## TASK PROMPT
Make an exact transcript of the lines in the data below, starting with the one containing "- [Kinetic of" and going on through the one containing "# Repository JOE-JOE-NGIGI/tinyk20", with both included and the pictures left out.
EXTRACTED DATA Block Start
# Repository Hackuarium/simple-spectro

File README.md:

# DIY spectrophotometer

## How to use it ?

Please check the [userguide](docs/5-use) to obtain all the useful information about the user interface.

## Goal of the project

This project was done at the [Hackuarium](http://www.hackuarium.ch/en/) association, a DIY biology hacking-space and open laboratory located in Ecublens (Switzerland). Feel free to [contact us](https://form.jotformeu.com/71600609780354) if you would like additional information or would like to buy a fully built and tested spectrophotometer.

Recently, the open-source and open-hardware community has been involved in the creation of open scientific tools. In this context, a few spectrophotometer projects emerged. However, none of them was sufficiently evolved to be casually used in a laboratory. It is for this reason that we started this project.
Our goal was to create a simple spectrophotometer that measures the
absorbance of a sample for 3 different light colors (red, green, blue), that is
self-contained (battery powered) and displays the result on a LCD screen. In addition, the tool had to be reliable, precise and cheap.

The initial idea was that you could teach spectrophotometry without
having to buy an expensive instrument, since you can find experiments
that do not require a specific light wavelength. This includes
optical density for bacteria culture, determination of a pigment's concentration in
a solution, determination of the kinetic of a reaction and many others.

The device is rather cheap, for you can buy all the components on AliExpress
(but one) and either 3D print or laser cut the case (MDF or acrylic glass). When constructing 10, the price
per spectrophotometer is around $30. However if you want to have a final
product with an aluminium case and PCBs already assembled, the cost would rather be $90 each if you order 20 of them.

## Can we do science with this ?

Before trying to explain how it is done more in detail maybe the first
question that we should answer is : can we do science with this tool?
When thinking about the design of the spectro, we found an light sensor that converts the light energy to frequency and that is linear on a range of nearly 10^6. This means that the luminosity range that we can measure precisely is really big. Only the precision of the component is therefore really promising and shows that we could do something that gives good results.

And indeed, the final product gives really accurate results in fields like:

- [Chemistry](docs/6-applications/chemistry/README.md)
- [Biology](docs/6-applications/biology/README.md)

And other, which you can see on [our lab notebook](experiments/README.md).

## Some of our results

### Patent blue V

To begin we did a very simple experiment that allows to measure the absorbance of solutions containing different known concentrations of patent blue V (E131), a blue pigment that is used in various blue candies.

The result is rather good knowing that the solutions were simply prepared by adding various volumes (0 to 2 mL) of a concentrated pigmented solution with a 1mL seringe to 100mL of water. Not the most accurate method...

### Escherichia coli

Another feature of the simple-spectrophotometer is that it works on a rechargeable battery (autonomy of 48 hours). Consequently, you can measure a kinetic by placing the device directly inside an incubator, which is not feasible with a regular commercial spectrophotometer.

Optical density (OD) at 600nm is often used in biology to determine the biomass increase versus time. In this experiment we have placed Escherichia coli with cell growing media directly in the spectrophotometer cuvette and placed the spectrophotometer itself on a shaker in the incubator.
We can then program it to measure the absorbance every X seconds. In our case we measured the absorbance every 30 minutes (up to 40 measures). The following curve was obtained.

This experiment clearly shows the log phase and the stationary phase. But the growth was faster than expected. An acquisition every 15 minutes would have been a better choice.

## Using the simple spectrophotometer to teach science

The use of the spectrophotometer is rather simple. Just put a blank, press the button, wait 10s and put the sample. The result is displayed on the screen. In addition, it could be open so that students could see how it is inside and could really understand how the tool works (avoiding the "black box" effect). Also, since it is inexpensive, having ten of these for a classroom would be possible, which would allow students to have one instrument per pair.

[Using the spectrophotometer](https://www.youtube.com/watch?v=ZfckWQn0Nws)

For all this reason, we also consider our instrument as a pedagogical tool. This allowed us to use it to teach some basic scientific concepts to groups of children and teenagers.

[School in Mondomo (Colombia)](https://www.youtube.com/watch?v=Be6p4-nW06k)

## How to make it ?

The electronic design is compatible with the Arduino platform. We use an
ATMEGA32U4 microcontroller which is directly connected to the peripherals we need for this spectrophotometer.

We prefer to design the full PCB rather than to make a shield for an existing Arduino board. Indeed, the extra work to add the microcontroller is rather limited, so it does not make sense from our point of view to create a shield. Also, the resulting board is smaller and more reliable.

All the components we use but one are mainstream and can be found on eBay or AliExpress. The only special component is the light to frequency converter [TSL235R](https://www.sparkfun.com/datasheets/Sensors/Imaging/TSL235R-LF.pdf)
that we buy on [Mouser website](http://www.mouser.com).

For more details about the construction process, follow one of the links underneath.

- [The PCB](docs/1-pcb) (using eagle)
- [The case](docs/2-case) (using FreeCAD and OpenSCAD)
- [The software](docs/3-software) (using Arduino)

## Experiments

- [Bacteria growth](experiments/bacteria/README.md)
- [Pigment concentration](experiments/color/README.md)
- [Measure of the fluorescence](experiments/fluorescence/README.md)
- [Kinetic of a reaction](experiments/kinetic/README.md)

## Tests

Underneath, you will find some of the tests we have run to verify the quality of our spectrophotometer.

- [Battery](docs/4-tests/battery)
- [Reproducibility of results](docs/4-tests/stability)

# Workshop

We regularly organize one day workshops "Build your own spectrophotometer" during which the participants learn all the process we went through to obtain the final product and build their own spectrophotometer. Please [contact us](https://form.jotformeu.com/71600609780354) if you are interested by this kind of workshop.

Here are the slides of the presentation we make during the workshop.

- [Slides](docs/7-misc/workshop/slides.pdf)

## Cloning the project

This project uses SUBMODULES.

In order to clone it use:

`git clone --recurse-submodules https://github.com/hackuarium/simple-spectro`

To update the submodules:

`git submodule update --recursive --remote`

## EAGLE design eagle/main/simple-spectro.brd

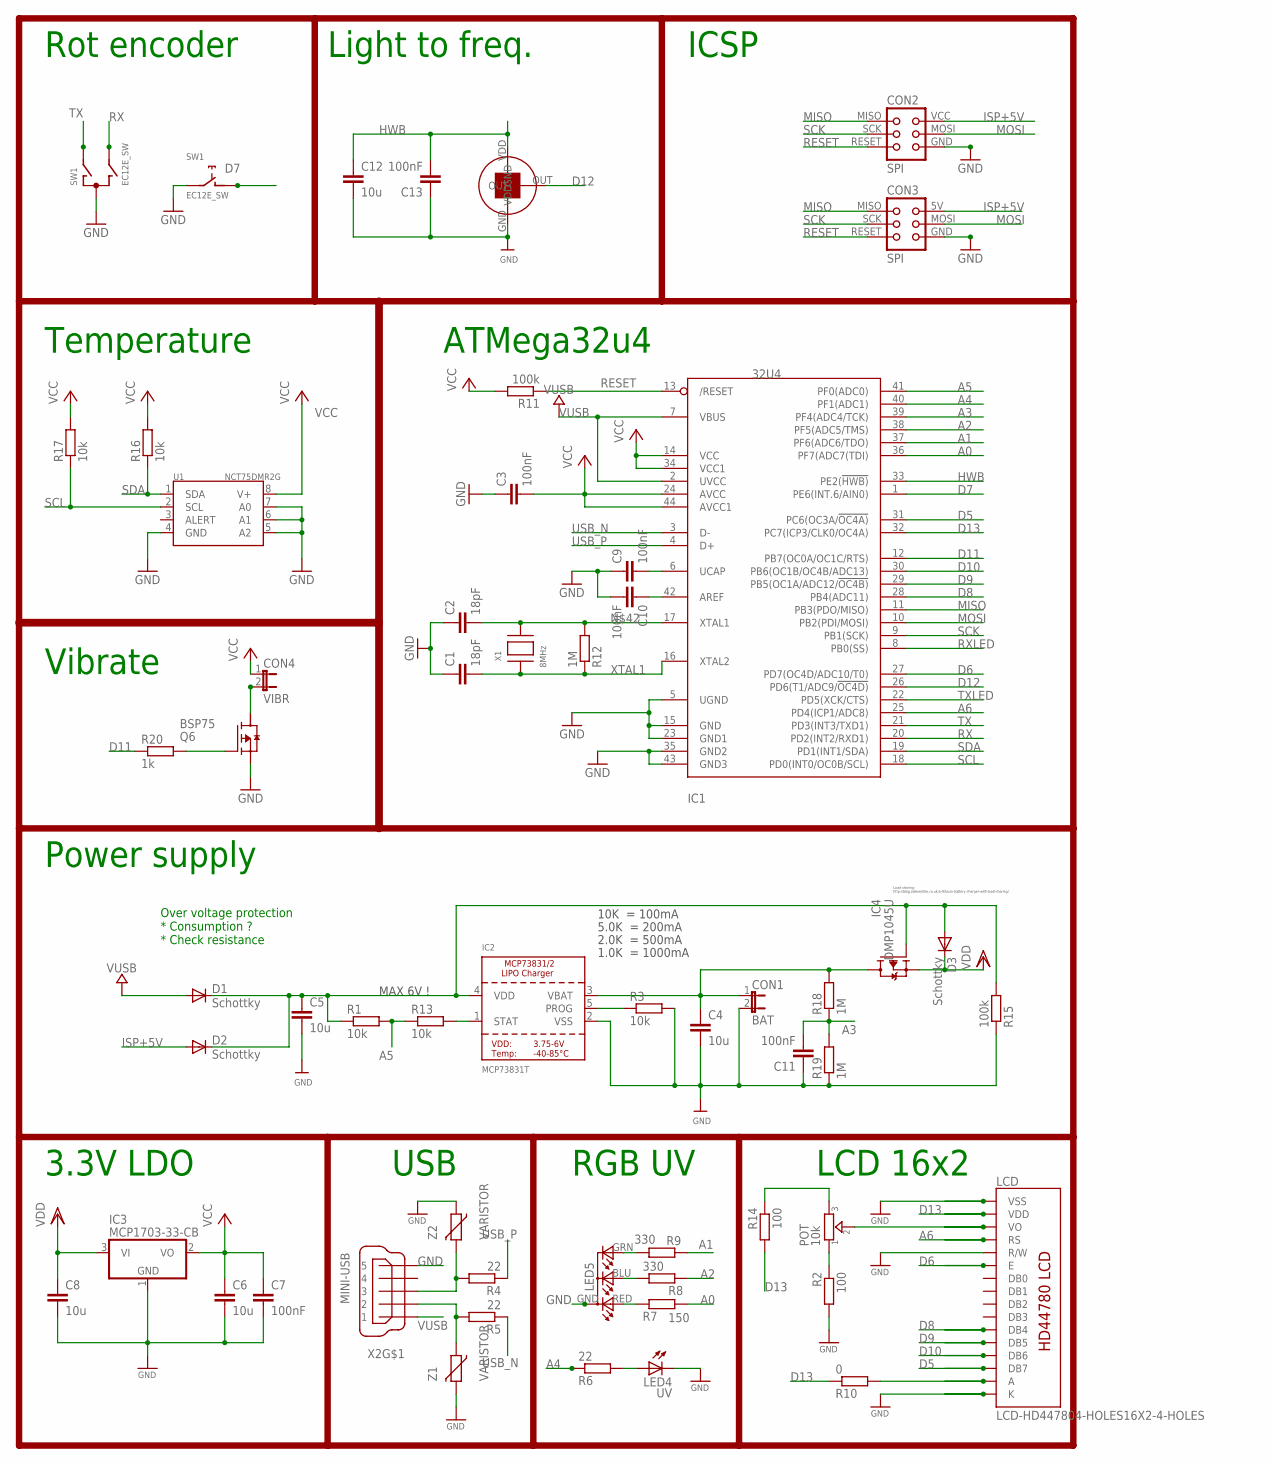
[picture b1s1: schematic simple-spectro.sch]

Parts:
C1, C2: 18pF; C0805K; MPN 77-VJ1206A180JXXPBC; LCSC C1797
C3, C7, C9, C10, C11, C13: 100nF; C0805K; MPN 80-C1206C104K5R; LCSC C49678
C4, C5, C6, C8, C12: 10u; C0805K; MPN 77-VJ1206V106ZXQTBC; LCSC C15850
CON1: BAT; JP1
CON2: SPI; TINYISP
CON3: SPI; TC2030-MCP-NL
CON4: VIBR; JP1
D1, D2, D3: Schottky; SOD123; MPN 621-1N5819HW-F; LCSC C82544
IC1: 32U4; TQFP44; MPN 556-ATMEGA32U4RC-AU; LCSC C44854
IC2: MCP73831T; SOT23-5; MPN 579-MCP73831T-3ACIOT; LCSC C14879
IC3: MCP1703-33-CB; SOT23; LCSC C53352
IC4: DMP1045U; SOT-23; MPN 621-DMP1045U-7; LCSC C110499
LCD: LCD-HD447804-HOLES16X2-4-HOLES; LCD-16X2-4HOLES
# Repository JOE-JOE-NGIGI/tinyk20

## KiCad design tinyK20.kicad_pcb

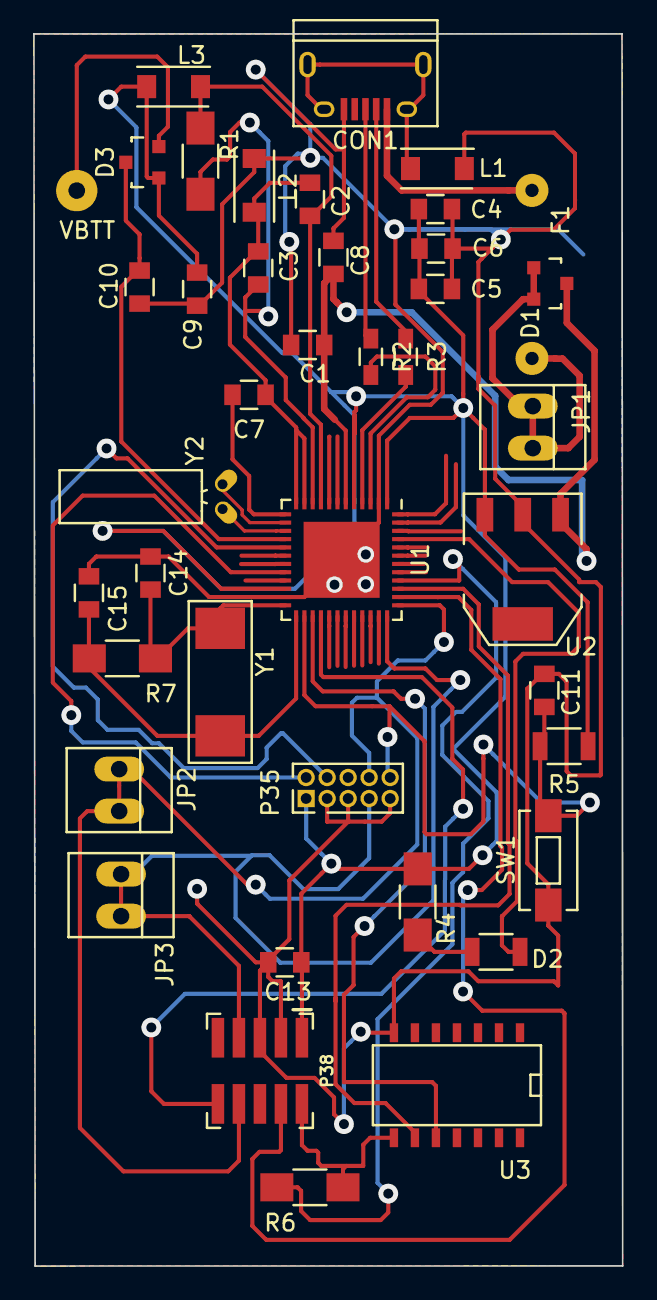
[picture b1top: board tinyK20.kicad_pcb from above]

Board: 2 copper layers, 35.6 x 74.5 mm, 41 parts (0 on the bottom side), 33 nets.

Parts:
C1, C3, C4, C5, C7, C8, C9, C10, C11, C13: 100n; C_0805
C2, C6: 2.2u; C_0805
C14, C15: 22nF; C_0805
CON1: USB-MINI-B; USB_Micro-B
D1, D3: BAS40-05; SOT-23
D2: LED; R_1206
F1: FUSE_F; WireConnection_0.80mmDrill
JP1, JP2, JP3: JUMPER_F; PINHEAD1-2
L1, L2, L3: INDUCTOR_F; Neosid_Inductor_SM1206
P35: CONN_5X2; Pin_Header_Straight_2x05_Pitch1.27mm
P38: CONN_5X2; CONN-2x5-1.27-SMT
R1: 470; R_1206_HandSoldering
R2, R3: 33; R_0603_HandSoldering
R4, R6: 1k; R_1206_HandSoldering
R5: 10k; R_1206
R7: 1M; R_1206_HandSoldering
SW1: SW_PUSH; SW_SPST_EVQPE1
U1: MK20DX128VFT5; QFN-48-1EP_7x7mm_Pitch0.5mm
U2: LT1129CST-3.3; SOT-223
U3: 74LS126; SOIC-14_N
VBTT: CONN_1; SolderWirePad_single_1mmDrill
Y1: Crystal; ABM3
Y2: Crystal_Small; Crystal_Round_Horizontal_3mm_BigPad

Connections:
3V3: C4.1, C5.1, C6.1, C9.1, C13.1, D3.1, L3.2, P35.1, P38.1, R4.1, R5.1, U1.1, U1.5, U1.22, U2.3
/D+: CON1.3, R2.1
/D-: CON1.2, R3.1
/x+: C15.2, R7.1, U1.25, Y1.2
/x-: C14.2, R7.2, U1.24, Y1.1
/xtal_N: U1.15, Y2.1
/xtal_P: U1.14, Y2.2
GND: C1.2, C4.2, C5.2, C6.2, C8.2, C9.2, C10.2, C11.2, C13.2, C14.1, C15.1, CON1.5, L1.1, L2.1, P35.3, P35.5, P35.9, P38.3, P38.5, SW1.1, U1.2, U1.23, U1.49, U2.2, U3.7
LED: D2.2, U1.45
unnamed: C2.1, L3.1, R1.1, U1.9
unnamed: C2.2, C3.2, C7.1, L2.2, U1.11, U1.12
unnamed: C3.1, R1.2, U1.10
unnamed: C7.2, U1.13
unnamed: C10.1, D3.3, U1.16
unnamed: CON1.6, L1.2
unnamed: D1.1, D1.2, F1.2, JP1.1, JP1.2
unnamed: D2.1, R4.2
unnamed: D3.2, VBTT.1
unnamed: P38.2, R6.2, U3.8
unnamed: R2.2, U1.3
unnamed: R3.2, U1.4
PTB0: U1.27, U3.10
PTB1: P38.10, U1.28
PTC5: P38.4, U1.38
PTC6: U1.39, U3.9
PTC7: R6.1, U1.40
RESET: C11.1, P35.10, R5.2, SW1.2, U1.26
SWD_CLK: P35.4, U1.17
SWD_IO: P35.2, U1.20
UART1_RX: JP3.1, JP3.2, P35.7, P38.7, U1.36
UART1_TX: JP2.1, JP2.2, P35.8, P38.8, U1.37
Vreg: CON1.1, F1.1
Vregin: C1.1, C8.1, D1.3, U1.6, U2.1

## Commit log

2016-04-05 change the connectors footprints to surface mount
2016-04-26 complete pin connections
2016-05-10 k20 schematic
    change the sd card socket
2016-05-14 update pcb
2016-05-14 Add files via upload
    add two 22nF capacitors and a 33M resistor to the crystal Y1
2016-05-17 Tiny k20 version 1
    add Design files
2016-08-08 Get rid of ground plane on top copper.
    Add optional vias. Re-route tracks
EXTRACTED DATA Block End
## RESULT OF THE TASK
- [Kinetic of a reaction](experiments/kinetic/README.md)

## Tests

Underneath, you will find some of the tests we have run to verify the quality of our spectrophotometer.

- [Battery](docs/4-tests/battery)
- [Reproducibility of results](docs/4-tests/stability)

# Workshop

We regularly organize one day workshops "Build your own spectrophotometer" during which the participants learn all the process we went through to obtain the final product and build their own spectrophotometer. Please [contact us](https://form.jotformeu.com/71600609780354) if you are interested by this kind of workshop.

Here are the slides of the presentation we make during the workshop.

- [Slides](docs/7-misc/workshop/slides.pdf)

## Cloning the project

This project uses SUBMODULES.

In order to clone it use:

`git clone --recurse-submodules https://github.com/hackuarium/simple-spectro`

To update the submodules:

`git submodule update --recursive --remote`

## EAGLE design eagle/main/simple-spectro.brd

[picture b1s1: schematic simple-spectro.sch]

Parts:
C1, C2: 18pF; C0805K; MPN 77-VJ1206A180JXXPBC; LCSC C1797
C3, C7, C9, C10, C11, C13: 100nF; C0805K; MPN 80-C1206C104K5R; LCSC C49678
C4, C5, C6, C8, C12: 10u; C0805K; MPN 77-VJ1206V106ZXQTBC; LCSC C15850
CON1: BAT; JP1
CON2: SPI; TINYISP
CON3: SPI; TC2030-MCP-NL
CON4: VIBR; JP1
D1, D2, D3: Schottky; SOD123; MPN 621-1N5819HW-F; LCSC C82544
IC1: 32U4; TQFP44; MPN 556-ATMEGA32U4RC-AU; LCSC C44854
IC2: MCP73831T; SOT23-5; MPN 579-MCP73831T-3ACIOT; LCSC C14879
IC3: MCP1703-33-CB; SOT23; LCSC C53352
IC4: DMP1045U; SOT-23; MPN 621-DMP1045U-7; LCSC C110499
LCD: LCD-HD447804-HOLES16X2-4-HOLES; LCD-16X2-4HOLES
# Repository JOE-JOE-NGIGI/tinyk20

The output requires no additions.